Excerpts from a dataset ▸

-- Opening Marker --

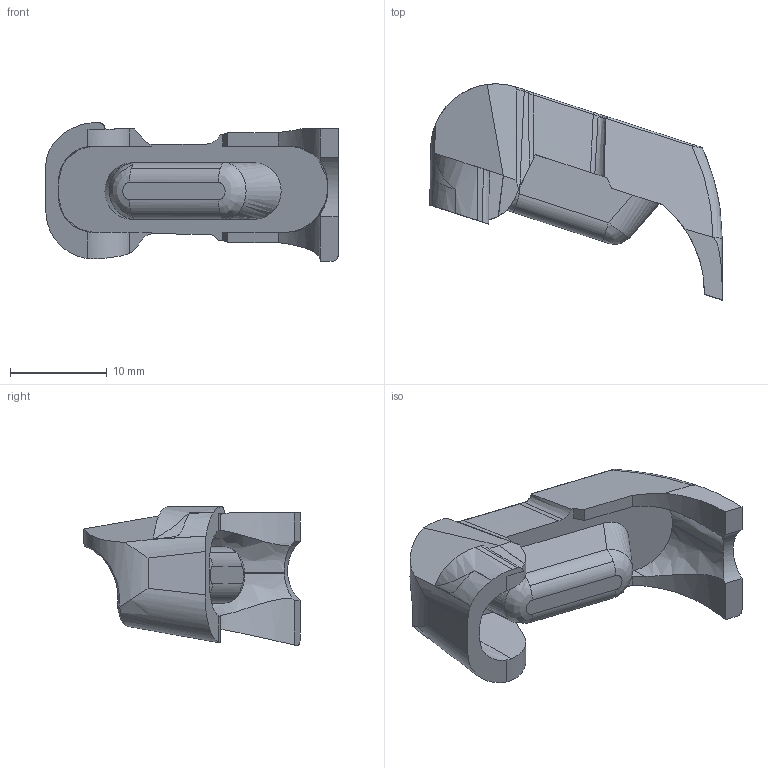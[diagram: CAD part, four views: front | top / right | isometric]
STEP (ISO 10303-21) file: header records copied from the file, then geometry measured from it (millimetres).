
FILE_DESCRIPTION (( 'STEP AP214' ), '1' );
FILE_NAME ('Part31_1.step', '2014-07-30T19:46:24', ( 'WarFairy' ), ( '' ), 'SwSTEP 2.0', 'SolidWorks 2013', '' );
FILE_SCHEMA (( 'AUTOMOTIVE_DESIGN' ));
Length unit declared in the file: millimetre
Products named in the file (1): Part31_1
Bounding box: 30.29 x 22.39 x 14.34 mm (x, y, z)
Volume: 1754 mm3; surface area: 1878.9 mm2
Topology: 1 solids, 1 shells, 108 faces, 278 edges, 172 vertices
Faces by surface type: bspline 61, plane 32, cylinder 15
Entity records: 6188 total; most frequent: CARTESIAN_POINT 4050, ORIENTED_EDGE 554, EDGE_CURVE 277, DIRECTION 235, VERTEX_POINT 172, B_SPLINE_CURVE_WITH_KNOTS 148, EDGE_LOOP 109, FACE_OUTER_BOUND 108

-- Closing Marker --

EXERCISE PROMPT ▸
Without the pictures, please output every record exactly.

SOLUTION TO THIS PROBLEM ▸
[diagram: CAD part, four views: front | top / right | isometric]
STEP (ISO 10303-21) file: header records copied from the file, then geometry measured from it (millimetres).
FILE_DESCRIPTION (( 'STEP AP214' ), '1' );
FILE_NAME ('Part31_1.step', '2014-07-30T19:46:24', ( 'WarFairy' ), ( '' ), 'SwSTEP 2.0', 'SolidWorks 2013', '' );
FILE_SCHEMA (( 'AUTOMOTIVE_DESIGN' ));
Length unit declared in the file: millimetre
Products named in the file (1): Part31_1
Bounding box: 30.29 x 22.39 x 14.34 mm (x, y, z)
Volume: 1754 mm3; surface area: 1878.9 mm2
Topology: 1 solids, 1 shells, 108 faces, 278 edges, 172 vertices
Faces by surface type: bspline 61, plane 32, cylinder 15
Entity records: 6188 total; most frequent: CARTESIAN_POINT 4050, ORIENTED_EDGE 554, EDGE_CURVE 277, DIRECTION 235, VERTEX_POINT 172, B_SPLINE_CURVE_WITH_KNOTS 148, EDGE_LOOP 109, FACE_OUTER_BOUND 108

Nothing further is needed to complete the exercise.